*YOUR INSTRUCTIONS*
Look through the records below for the line holding "#61=DIRECTION('',(-1.,0.,0.));". Write it out exactly, with each following line through the line holding "#120=EDGE_LOOP('',(#104,#112,#118,#119));".

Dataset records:
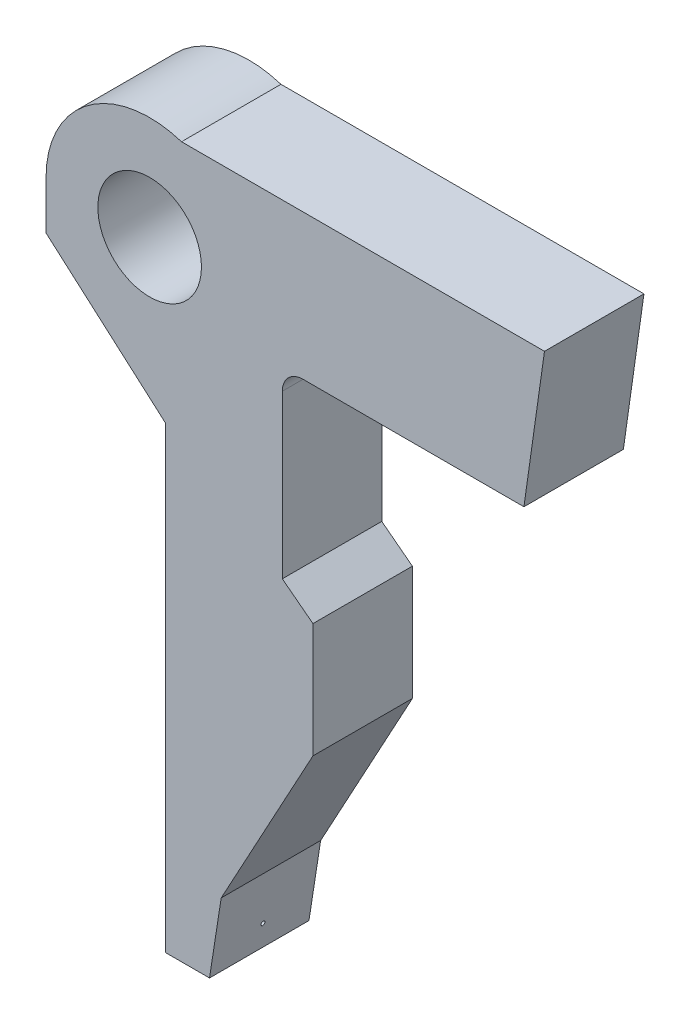
ISO-10303-21;
HEADER;
FILE_DESCRIPTION(('STEP AP214'),'2;1');
FILE_NAME('part.step','',(''),(''),'','','');
FILE_SCHEMA(('AUTOMOTIVE_DESIGN { 1 0 10303 214 1 1 1 1 }'));
ENDSEC;
DATA;
#1=APPLICATION_CONTEXT('core data for automotive mechanical design processes');
#2=APPLICATION_PROTOCOL_DEFINITION('international standard','automotive_design',2000,#1);
#3=PRODUCT_CONTEXT('',#1,'mechanical');
#4=PRODUCT('Part','Part','',(#3));
#5=PRODUCT_RELATED_PRODUCT_CATEGORY('part','',(#4));
#6=PRODUCT_DEFINITION_FORMATION('','',#4);
#7=PRODUCT_DEFINITION_CONTEXT('part definition',#1,'design');
#8=PRODUCT_DEFINITION('design','',#6,#7);
#9=PRODUCT_DEFINITION_SHAPE('','',#8);
#10=(LENGTH_UNIT() NAMED_UNIT(*) SI_UNIT(.MILLI.,.METRE.));
#11=(NAMED_UNIT(*) PLANE_ANGLE_UNIT() SI_UNIT($,.RADIAN.));
#12=(NAMED_UNIT(*) SI_UNIT($,.STERADIAN.) SOLID_ANGLE_UNIT());
#13=UNCERTAINTY_MEASURE_WITH_UNIT(LENGTH_MEASURE(1.E-05),#10,'distance_accuracy_value','');
#14=(GEOMETRIC_REPRESENTATION_CONTEXT(3) GLOBAL_UNCERTAINTY_ASSIGNED_CONTEXT((#13)) GLOBAL_UNIT_ASSIGNED_CONTEXT((#10,
#11,#12)) REPRESENTATION_CONTEXT('',''));
#15=CARTESIAN_POINT('',(0.,0.,0.));
#16=DIRECTION('',(0.,0.,1.));
#17=DIRECTION('',(1.,0.,0.));
#18=AXIS2_PLACEMENT_3D('',#15,#16,#17);
#19=CARTESIAN_POINT('',(6.40208237027269,0.,4.8));
#20=DIRECTION('',(-1.,0.,0.));
#21=DIRECTION('',(0.,-1.,0.));
#22=AXIS2_PLACEMENT_3D('',#19,#20,#21);
#23=PLANE('',#22);
#24=DIRECTION('',(0.,1.,0.));
#25=VECTOR('',#24,1.);
#26=CARTESIAN_POINT('',(6.40208237027269,0.,0.));
#27=LINE('',#26,#25);
#28=CARTESIAN_POINT('',(6.40208237027269,-11.0792552576076,0.));
#29=VERTEX_POINT('',#28);
#30=CARTESIAN_POINT('',(6.40208237027269,-3.2376102121532,0.));
#31=VERTEX_POINT('',#30);
#32=EDGE_CURVE('E170',#29,#31,#27,.T.);
#33=ORIENTED_EDGE('',*,*,#32,.T.);
#34=DIRECTION('',(0.,0.,-1.));
#35=VECTOR('',#34,1.);
#36=CARTESIAN_POINT('',(6.40208237027269,-3.2376102121532,4.8));
#37=LINE('',#36,#35);
#38=CARTESIAN_POINT('',(6.40208237027269,-3.2376102121532,4.8));
#39=VERTEX_POINT('',#38);
#40=EDGE_CURVE('E11',#39,#31,#37,.T.);
#41=ORIENTED_EDGE('',*,*,#40,.F.);
#42=DIRECTION('',(0.,1.,0.));
#43=VECTOR('',#42,1.);
#44=CARTESIAN_POINT('',(6.40208237027269,0.,4.8));
#45=LINE('',#44,#43);
#46=CARTESIAN_POINT('',(6.40208237027269,-11.0792552576076,4.8));
#47=VERTEX_POINT('',#46);
#48=EDGE_CURVE('E200',#47,#39,#45,.T.);
#49=ORIENTED_EDGE('',*,*,#48,.F.);
#50=DIRECTION('',(0.,0.,-1.));
#51=VECTOR('',#50,1.);
#52=CARTESIAN_POINT('',(6.40208237027269,-11.0792552576076,4.8));
#53=LINE('',#52,#51);
#54=EDGE_CURVE('E169',#47,#29,#53,.T.);
#55=ORIENTED_EDGE('',*,*,#54,.T.);
#56=EDGE_LOOP('',(#33,#41,#49,#55));
#57=FACE_BOUND('',#56,.T.);
#58=ADVANCED_FACE('F34',(#57),#23,.F.);
#59=CARTESIAN_POINT('',(7.40208237027269,-3.2376102121532,4.8));
#60=DIRECTION('',(0.,0.,-1.));
#61=DIRECTION('',(-1.,0.,0.));
#62=AXIS2_PLACEMENT_3D('',#59,#60,#61);
#63=CYLINDRICAL_SURFACE('',#62,0.999999999999999);
#64=CARTESIAN_POINT('',(7.40208237027269,-3.2376102121532,0.));
#65=DIRECTION('',(0.,0.,1.));
#66=DIRECTION('',(1.,0.,0.));
#67=AXIS2_PLACEMENT_3D('',#64,#65,#66);
#68=CIRCLE('',#67,0.999999999999999);
#69=CARTESIAN_POINT('',(7.40208237027269,-2.2376102121532,0.));
#70=VERTEX_POINT('',#69);
#71=EDGE_CURVE('E173',#31,#70,#68,.F.);
#72=ORIENTED_EDGE('',*,*,#71,.T.);
#73=DIRECTION('',(0.,0.,-1.));
#74=VECTOR('',#73,1.);
#75=CARTESIAN_POINT('',(7.40208237027269,-2.2376102121532,4.8));
#76=LINE('',#75,#74);
#77=CARTESIAN_POINT('',(7.40208237027269,-2.2376102121532,4.8));
#78=VERTEX_POINT('',#77);
#79=EDGE_CURVE('E42',#78,#70,#76,.T.);
#80=ORIENTED_EDGE('',*,*,#79,.F.);
#81=CARTESIAN_POINT('',(7.40208237027269,-3.2376102121532,4.8));
#82=DIRECTION('',(0.,0.,1.));
#83=DIRECTION('',(1.,0.,0.));
#84=AXIS2_PLACEMENT_3D('',#81,#82,#83);
#85=CIRCLE('',#84,0.999999999999999);
#86=EDGE_CURVE('E111',#39,#78,#85,.F.);
#87=ORIENTED_EDGE('',*,*,#86,.F.);
#88=ORIENTED_EDGE('',*,*,#40,.T.);
#89=EDGE_LOOP('',(#72,#80,#87,#88));
#90=FACE_BOUND('',#89,.T.);
#91=ADVANCED_FACE('F290',(#90),#63,.F.);
#92=CARTESIAN_POINT('',(0.,-2.2376102121532,4.8));
#93=DIRECTION('',(0.,1.,0.));
#94=DIRECTION('',(-1.,0.,0.));
#95=AXIS2_PLACEMENT_3D('',#92,#93,#94);
#96=PLANE('',#95);
#97=DIRECTION('',(1.,0.,0.));
#98=VECTOR('',#97,1.);
#99=CARTESIAN_POINT('',(0.,-2.2376102121532,0.));
#100=LINE('',#99,#98);
#101=CARTESIAN_POINT('',(18.063612226188,-2.2376102121532,0.));
#102=VERTEX_POINT('',#101);
#103=EDGE_CURVE('E176',#70,#102,#100,.T.);
#104=ORIENTED_EDGE('',*,*,#103,.T.);
#105=DIRECTION('',(0.,0.,-1.));
#106=VECTOR('',#105,1.);
#107=CARTESIAN_POINT('',(18.063612226188,-2.2376102121532,4.8));
#108=LINE('',#107,#106);
#109=CARTESIAN_POINT('',(18.063612226188,-2.2376102121532,4.8));
#110=VERTEX_POINT('',#109);
#111=EDGE_CURVE('E225',#110,#102,#108,.T.);
#112=ORIENTED_EDGE('',*,*,#111,.F.);
#113=DIRECTION('',(1.,0.,0.));
#114=VECTOR('',#113,1.);
#115=CARTESIAN_POINT('',(0.,-2.2376102121532,4.8));
#116=LINE('',#115,#114);
#117=EDGE_CURVE('E233',#78,#110,#116,.T.);
#118=ORIENTED_EDGE('',*,*,#117,.F.);
#119=ORIENTED_EDGE('',*,*,#79,.T.);
#120=EDGE_LOOP('',(#104,#112,#118,#119));
#121=FACE_BOUND('',#120,.T.);
#122=ADVANCED_FACE('F231',(#121),#96,.F.);
#123=CARTESIAN_POINT('',(18.0184346235268,-2.55607840833381,4.8));
#124=DIRECTION('',(-0.990087364863809,0.140452874434947,0.));
#125=DIRECTION('',(-0.140452874434947,-0.990087364863809,0.));
#126=AXIS2_PLACEMENT_3D('',#123,#124,#125);
#127=PLANE('',#126);
#128=DIRECTION('',(0.140452874434947,0.990087364863809,0.));
#129=VECTOR('',#128,1.);
#130=CARTESIAN_POINT('',(18.0184346235268,-2.55607840833381,0.));
#131=LINE('',#130,#129);
#132=CARTESIAN_POINT('',(19.0560025989645,4.7579971974597,0.));
#133=VERTEX_POINT('',#132);
#134=EDGE_CURVE('E178',#102,#133,#131,.T.);
#135=ORIENTED_EDGE('',*,*,#134,.T.);
#136=DIRECTION('',(0.,0.,-1.));
#137=VECTOR('',#136,1.);
#138=CARTESIAN_POINT('',(19.0560025989645,4.7579971974597,4.8));
#139=LINE('',#138,#137);
#140=CARTESIAN_POINT('',(19.0560025989645,4.7579971974597,4.8));
#141=VERTEX_POINT('',#140);
#142=EDGE_CURVE('E222',#141,#133,#139,.T.);
#143=ORIENTED_EDGE('',*,*,#142,.F.);
#144=DIRECTION('',(0.140452874434947,0.990087364863809,0.));
#145=VECTOR('',#144,1.);
#146=CARTESIAN_POINT('',(18.0184346235268,-2.55607840833381,4.8));
#147=LINE('',#146,#145);
#148=EDGE_CURVE('E252',#110,#141,#147,.T.);
#149=ORIENTED_EDGE('',*,*,#148,.F.);
#150=ORIENTED_EDGE('',*,*,#111,.T.);
#151=EDGE_LOOP('',(#135,#143,#149,#150));
#152=FACE_BOUND('',#151,.T.);
#153=ADVANCED_FACE('F243',(#152),#127,.F.);
#154=CARTESIAN_POINT('',(0.,4.7579971974597,4.8));
#155=DIRECTION('',(0.,-1.,0.));
#156=DIRECTION('',(0.,0.,-1.));
#157=AXIS2_PLACEMENT_3D('',#154,#155,#156);
#158=PLANE('',#157);
#159=DIRECTION('',(-1.,0.,0.));
#160=VECTOR('',#159,1.);
#161=CARTESIAN_POINT('',(0.,4.7579971974597,0.));
#162=LINE('',#161,#160);
#163=CARTESIAN_POINT('',(1.53670513403374,4.7579971974597,0.));
#164=VERTEX_POINT('',#163);
#165=EDGE_CURVE('E180',#133,#164,#162,.T.);
#166=ORIENTED_EDGE('',*,*,#165,.T.);
#167=DIRECTION('',(0.,0.,-1.));
#168=VECTOR('',#167,1.);
#169=CARTESIAN_POINT('',(1.53670513403374,4.7579971974597,4.8));
#170=LINE('',#169,#168);
#171=CARTESIAN_POINT('',(1.53670513403374,4.7579971974597,4.8));
#172=VERTEX_POINT('',#171);
#173=EDGE_CURVE('E219',#172,#164,#170,.T.);
#174=ORIENTED_EDGE('',*,*,#173,.F.);
#175=DIRECTION('',(-1.,0.,0.));
#176=VECTOR('',#175,1.);
#177=CARTESIAN_POINT('',(0.,4.7579971974597,4.8));
#178=LINE('',#177,#176);
#179=EDGE_CURVE('E249',#141,#172,#178,.T.);
#180=ORIENTED_EDGE('',*,*,#179,.F.);
#181=ORIENTED_EDGE('',*,*,#142,.T.);
#182=EDGE_LOOP('',(#166,#174,#180,#181));
#183=FACE_BOUND('',#182,.T.);
#184=ADVANCED_FACE('F247',(#183),#158,.F.);
#185=CARTESIAN_POINT('',(0.,0.,4.8));
#186=DIRECTION('',(0.,0.,-1.));
#187=DIRECTION('',(-1.,0.,0.));
#188=AXIS2_PLACEMENT_3D('',#185,#186,#187);
#189=CYLINDRICAL_SURFACE('',#188,5.);
#190=CARTESIAN_POINT('',(0.,0.,0.));
#191=DIRECTION('',(0.,0.,1.));
#192=DIRECTION('',(1.,0.,0.));
#193=AXIS2_PLACEMENT_3D('',#190,#191,#192);
#194=CIRCLE('',#193,5.);
#195=CARTESIAN_POINT('',(-5.,0.,0.));
#196=VERTEX_POINT('',#195);
#197=EDGE_CURVE('E182',#164,#196,#194,.T.);
#198=ORIENTED_EDGE('',*,*,#197,.T.);
#199=DIRECTION('',(0.,0.,-1.));
#200=VECTOR('',#199,1.);
#201=CARTESIAN_POINT('',(-5.,0.,4.8));
#202=LINE('',#201,#200);
#203=CARTESIAN_POINT('',(-5.,0.,4.8));
#204=VERTEX_POINT('',#203);
#205=EDGE_CURVE('E216',#204,#196,#202,.T.);
#206=ORIENTED_EDGE('',*,*,#205,.F.);
#207=CARTESIAN_POINT('',(0.,0.,4.8));
#208=DIRECTION('',(0.,0.,1.));
#209=DIRECTION('',(1.,0.,0.));
#210=AXIS2_PLACEMENT_3D('',#207,#208,#209);
#211=CIRCLE('',#210,5.);
#212=EDGE_CURVE('E251',#172,#204,#211,.T.);
#213=ORIENTED_EDGE('',*,*,#212,.F.);
#214=ORIENTED_EDGE('',*,*,#173,.T.);
#215=EDGE_LOOP('',(#198,#206,#213,#214));
#216=FACE_BOUND('',#215,.T.);
#217=ADVANCED_FACE('F303',(#216),#189,.T.);
#218=CARTESIAN_POINT('',(-5.,0.,4.8));
#219=DIRECTION('',(1.,0.,0.));
#220=DIRECTION('',(0.,0.,-1.));
#221=AXIS2_PLACEMENT_3D('',#218,#219,#220);
#222=PLANE('',#221);
#223=DIRECTION('',(0.,-1.,0.));
#224=VECTOR('',#223,1.);
#225=CARTESIAN_POINT('',(-5.,0.,0.));
#226=LINE('',#225,#224);
#227=CARTESIAN_POINT('',(-5.,-2.32647439688253,0.));
#228=VERTEX_POINT('',#227);
#229=EDGE_CURVE('E184',#196,#228,#226,.T.);
#230=ORIENTED_EDGE('',*,*,#229,.T.);
#231=DIRECTION('',(0.,0.,-1.));
#232=VECTOR('',#231,1.);
#233=CARTESIAN_POINT('',(-5.,-2.32647439688253,4.8));
#234=LINE('',#233,#232);
#235=CARTESIAN_POINT('',(-5.,-2.32647439688253,4.8));
#236=VERTEX_POINT('',#235);
#237=EDGE_CURVE('E213',#236,#228,#234,.T.);
#238=ORIENTED_EDGE('',*,*,#237,.F.);
#239=DIRECTION('',(0.,-1.,0.));
#240=VECTOR('',#239,1.);
#241=CARTESIAN_POINT('',(-5.,0.,4.8));
#242=LINE('',#241,#240);
#243=EDGE_CURVE('E254',#204,#236,#242,.T.);
#244=ORIENTED_EDGE('',*,*,#243,.F.);
#245=ORIENTED_EDGE('',*,*,#205,.T.);
#246=EDGE_LOOP('',(#230,#238,#244,#245));
#247=FACE_BOUND('',#246,.T.);
#248=ADVANCED_FACE('F306',(#247),#222,.F.);
#249=CARTESIAN_POINT('',(-3.32960365921922,-3.79285286398016,4.8));
#250=DIRECTION('',(0.659722162079872,0.751509593325767,0.));
#251=DIRECTION('',(-0.751509593325767,0.659722162079872,0.));
#252=AXIS2_PLACEMENT_3D('',#249,#250,#251);
#253=PLANE('',#252);
#254=DIRECTION('',(0.751509593325767,-0.659722162079872,0.));
#255=VECTOR('',#254,1.);
#256=CARTESIAN_POINT('',(-3.32960365921922,-3.79285286398016,0.));
#257=LINE('',#256,#255);
#258=CARTESIAN_POINT('',(0.754164722411706,-7.3778403745722,0.));
#259=VERTEX_POINT('',#258);
#260=EDGE_CURVE('E186',#228,#259,#257,.T.);
#261=ORIENTED_EDGE('',*,*,#260,.T.);
#262=DIRECTION('',(0.,0.,-1.));
#263=VECTOR('',#262,1.);
#264=CARTESIAN_POINT('',(0.754164722411706,-7.3778403745722,4.8));
#265=LINE('',#264,#263);
#266=CARTESIAN_POINT('',(0.754164722411706,-7.3778403745722,4.8));
#267=VERTEX_POINT('',#266);
#268=EDGE_CURVE('E210',#267,#259,#265,.T.);
#269=ORIENTED_EDGE('',*,*,#268,.F.);
#270=DIRECTION('',(0.751509593325767,-0.659722162079872,0.));
#271=VECTOR('',#270,1.);
#272=CARTESIAN_POINT('',(-3.32960365921922,-3.79285286398016,4.8));
#273=LINE('',#272,#271);
#274=EDGE_CURVE('E260',#236,#267,#273,.T.);
#275=ORIENTED_EDGE('',*,*,#274,.F.);
#276=ORIENTED_EDGE('',*,*,#237,.T.);
#277=EDGE_LOOP('',(#261,#269,#275,#276));
#278=FACE_BOUND('',#277,.T.);
#279=ADVANCED_FACE('F310',(#278),#253,.F.);
#280=CARTESIAN_POINT('',(0.754164722411706,0.,4.8));
#281=DIRECTION('',(1.,0.,0.));
#282=DIRECTION('',(0.,0.,-1.));
#283=AXIS2_PLACEMENT_3D('',#280,#281,#282);
#284=PLANE('',#283);
#285=CARTESIAN_POINT('',(0.754164722411706,-27.0198901160511,2.4));
#286=DIRECTION('',(-1.,0.,0.));
#287=DIRECTION('',(0.,0.,1.));
#288=AXIS2_PLACEMENT_3D('',#285,#286,#287);
#289=CIRCLE('',#288,1.825);
#290=CARTESIAN_POINT('',(0.754164722411706,-27.0198901160511,4.225));
#291=VERTEX_POINT('',#290);
#292=EDGE_CURVE('E415',#291,#291,#289,.T.);
#293=ORIENTED_EDGE('',*,*,#292,.F.);
#294=EDGE_LOOP('',(#293));
#295=FACE_BOUND('',#294,.T.);
#296=DIRECTION('',(0.,-1.,0.));
#297=VECTOR('',#296,1.);
#298=CARTESIAN_POINT('',(0.754164722411706,0.,0.));
#299=LINE('',#298,#297);
#300=CARTESIAN_POINT('',(0.754164722411706,-29.5198901160511,0.));
#301=VERTEX_POINT('',#300);
#302=EDGE_CURVE('E188',#259,#301,#299,.T.);
#303=ORIENTED_EDGE('',*,*,#302,.T.);
#304=DIRECTION('',(0.,0.,-1.));
#305=VECTOR('',#304,1.);
#306=CARTESIAN_POINT('',(0.754164722411706,-29.5198901160511,4.8));
#307=LINE('',#306,#305);
#308=CARTESIAN_POINT('',(0.754164722411706,-29.5198901160511,4.8));
#309=VERTEX_POINT('',#308);
#310=EDGE_CURVE('E207',#309,#301,#307,.T.);
#311=ORIENTED_EDGE('',*,*,#310,.F.);
#312=DIRECTION('',(0.,-1.,0.));
#313=VECTOR('',#312,1.);
#314=CARTESIAN_POINT('',(0.754164722411706,0.,4.8));
#315=LINE('',#314,#313);
#316=EDGE_CURVE('E262',#267,#309,#315,.T.);
#317=ORIENTED_EDGE('',*,*,#316,.F.);
#318=ORIENTED_EDGE('',*,*,#268,.T.);
#319=EDGE_LOOP('',(#303,#311,#317,#318));
#320=FACE_BOUND('',#319,.T.);
#321=ADVANCED_FACE('F314',(#295,#320),#284,.F.);
#322=CARTESIAN_POINT('',(-2.39866646747301E-13,-29.519890116051,4.8));
#323=DIRECTION('',(0.,1.,0.));
#324=DIRECTION('',(-1.,0.,0.));
#325=AXIS2_PLACEMENT_3D('',#322,#323,#324);
#326=PLANE('',#325);
#327=DIRECTION('',(1.,0.,0.));
#328=VECTOR('',#327,1.);
#329=CARTESIAN_POINT('',(-2.39866646747301E-13,-29.519890116051,0.));
#330=LINE('',#329,#328);
#331=CARTESIAN_POINT('',(2.88905288160283,-29.5198901160511,0.));
#332=VERTEX_POINT('',#331);
#333=EDGE_CURVE('E190',#301,#332,#330,.T.);
#334=ORIENTED_EDGE('',*,*,#333,.T.);
#335=DIRECTION('',(0.,0.,-1.));
#336=VECTOR('',#335,1.);
#337=CARTESIAN_POINT('',(2.88905288160283,-29.5198901160511,4.8));
#338=LINE('',#337,#336);
#339=CARTESIAN_POINT('',(2.88905288160283,-29.5198901160511,4.8));
#340=VERTEX_POINT('',#339);
#341=EDGE_CURVE('E204',#340,#332,#338,.T.);
#342=ORIENTED_EDGE('',*,*,#341,.F.);
#343=DIRECTION('',(1.,0.,0.));
#344=VECTOR('',#343,1.);
#345=CARTESIAN_POINT('',(-2.39866646747301E-13,-29.519890116051,4.8));
#346=LINE('',#345,#344);
#347=EDGE_CURVE('E264',#309,#340,#346,.T.);
#348=ORIENTED_EDGE('',*,*,#347,.F.);
#349=ORIENTED_EDGE('',*,*,#310,.T.);
#350=EDGE_LOOP('',(#334,#342,#348,#349));
#351=FACE_BOUND('',#350,.T.);
#352=ADVANCED_FACE('F270',(#351),#326,.F.);
#353=CARTESIAN_POINT('',(7.29737212162931,-1.13324948681235,4.8));
#354=DIRECTION('',(-0.988155457698499,0.153456154717463,0.));
#355=DIRECTION('',(-0.153456154717463,-0.988155457698499,0.));
#356=AXIS2_PLACEMENT_3D('',#353,#354,#355);
#357=PLANE('',#356);
#358=CARTESIAN_POINT('',(3.07152516406432,-28.3448901160511,2.4));
#359=DIRECTION('',(-0.988155457698499,0.153456154717463,0.));
#360=DIRECTION('',(-0.153456154717463,-0.988155457698499,0.));
#361=AXIS2_PLACEMENT_3D('',#358,#359,#360);
#362=ELLIPSE('',#361,0.101198651711046,0.0999999999999997);
#363=CARTESIAN_POINT('',(3.05599560811015,-28.4448901160511,2.4));
#364=VERTEX_POINT('',#363);
#365=EDGE_CURVE('E414',#364,#364,#362,.F.);
#366=ORIENTED_EDGE('',*,*,#365,.F.);
#367=EDGE_LOOP('',(#366));
#368=FACE_BOUND('',#367,.T.);
#369=DIRECTION('',(0.153456154717463,0.988155457698499,0.));
#370=VECTOR('',#369,1.);
#371=CARTESIAN_POINT('',(7.29737212162931,-1.13324948681235,0.));
#372=LINE('',#371,#370);
#373=CARTESIAN_POINT('',(3.45262694445621,-25.8908484067027,0.));
#374=VERTEX_POINT('',#373);
#375=EDGE_CURVE('E192',#332,#374,#372,.T.);
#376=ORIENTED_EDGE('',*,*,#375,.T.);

*ANSWER TO THIS PROBLEM*
#61=DIRECTION('',(-1.,0.,0.));
#62=AXIS2_PLACEMENT_3D('',#59,#60,#61);
#63=CYLINDRICAL_SURFACE('',#62,0.999999999999999);
#64=CARTESIAN_POINT('',(7.40208237027269,-3.2376102121532,0.));
#65=DIRECTION('',(0.,0.,1.));
#66=DIRECTION('',(1.,0.,0.));
#67=AXIS2_PLACEMENT_3D('',#64,#65,#66);
#68=CIRCLE('',#67,0.999999999999999);
#69=CARTESIAN_POINT('',(7.40208237027269,-2.2376102121532,0.));
#70=VERTEX_POINT('',#69);
#71=EDGE_CURVE('E173',#31,#70,#68,.F.);
#72=ORIENTED_EDGE('',*,*,#71,.T.);
#73=DIRECTION('',(0.,0.,-1.));
#74=VECTOR('',#73,1.);
#75=CARTESIAN_POINT('',(7.40208237027269,-2.2376102121532,4.8));
#76=LINE('',#75,#74);
#77=CARTESIAN_POINT('',(7.40208237027269,-2.2376102121532,4.8));
#78=VERTEX_POINT('',#77);
#79=EDGE_CURVE('E42',#78,#70,#76,.T.);
#80=ORIENTED_EDGE('',*,*,#79,.F.);
#81=CARTESIAN_POINT('',(7.40208237027269,-3.2376102121532,4.8));
#82=DIRECTION('',(0.,0.,1.));
#83=DIRECTION('',(1.,0.,0.));
#84=AXIS2_PLACEMENT_3D('',#81,#82,#83);
#85=CIRCLE('',#84,0.999999999999999);
#86=EDGE_CURVE('E111',#39,#78,#85,.F.);
#87=ORIENTED_EDGE('',*,*,#86,.F.);
#88=ORIENTED_EDGE('',*,*,#40,.T.);
#89=EDGE_LOOP('',(#72,#80,#87,#88));
#90=FACE_BOUND('',#89,.T.);
#91=ADVANCED_FACE('F290',(#90),#63,.F.);
#92=CARTESIAN_POINT('',(0.,-2.2376102121532,4.8));
#93=DIRECTION('',(0.,1.,0.));
#94=DIRECTION('',(-1.,0.,0.));
#95=AXIS2_PLACEMENT_3D('',#92,#93,#94);
#96=PLANE('',#95);
#97=DIRECTION('',(1.,0.,0.));
#98=VECTOR('',#97,1.);
#99=CARTESIAN_POINT('',(0.,-2.2376102121532,0.));
#100=LINE('',#99,#98);
#101=CARTESIAN_POINT('',(18.063612226188,-2.2376102121532,0.));
#102=VERTEX_POINT('',#101);
#103=EDGE_CURVE('E176',#70,#102,#100,.T.);
#104=ORIENTED_EDGE('',*,*,#103,.T.);
#105=DIRECTION('',(0.,0.,-1.));
#106=VECTOR('',#105,1.);
#107=CARTESIAN_POINT('',(18.063612226188,-2.2376102121532,4.8));
#108=LINE('',#107,#106);
#109=CARTESIAN_POINT('',(18.063612226188,-2.2376102121532,4.8));
#110=VERTEX_POINT('',#109);
#111=EDGE_CURVE('E225',#110,#102,#108,.T.);
#112=ORIENTED_EDGE('',*,*,#111,.F.);
#113=DIRECTION('',(1.,0.,0.));
#114=VECTOR('',#113,1.);
#115=CARTESIAN_POINT('',(0.,-2.2376102121532,4.8));
#116=LINE('',#115,#114);
#117=EDGE_CURVE('E233',#78,#110,#116,.T.);
#118=ORIENTED_EDGE('',*,*,#117,.F.);
#119=ORIENTED_EDGE('',*,*,#79,.T.);
#120=EDGE_LOOP('',(#104,#112,#118,#119));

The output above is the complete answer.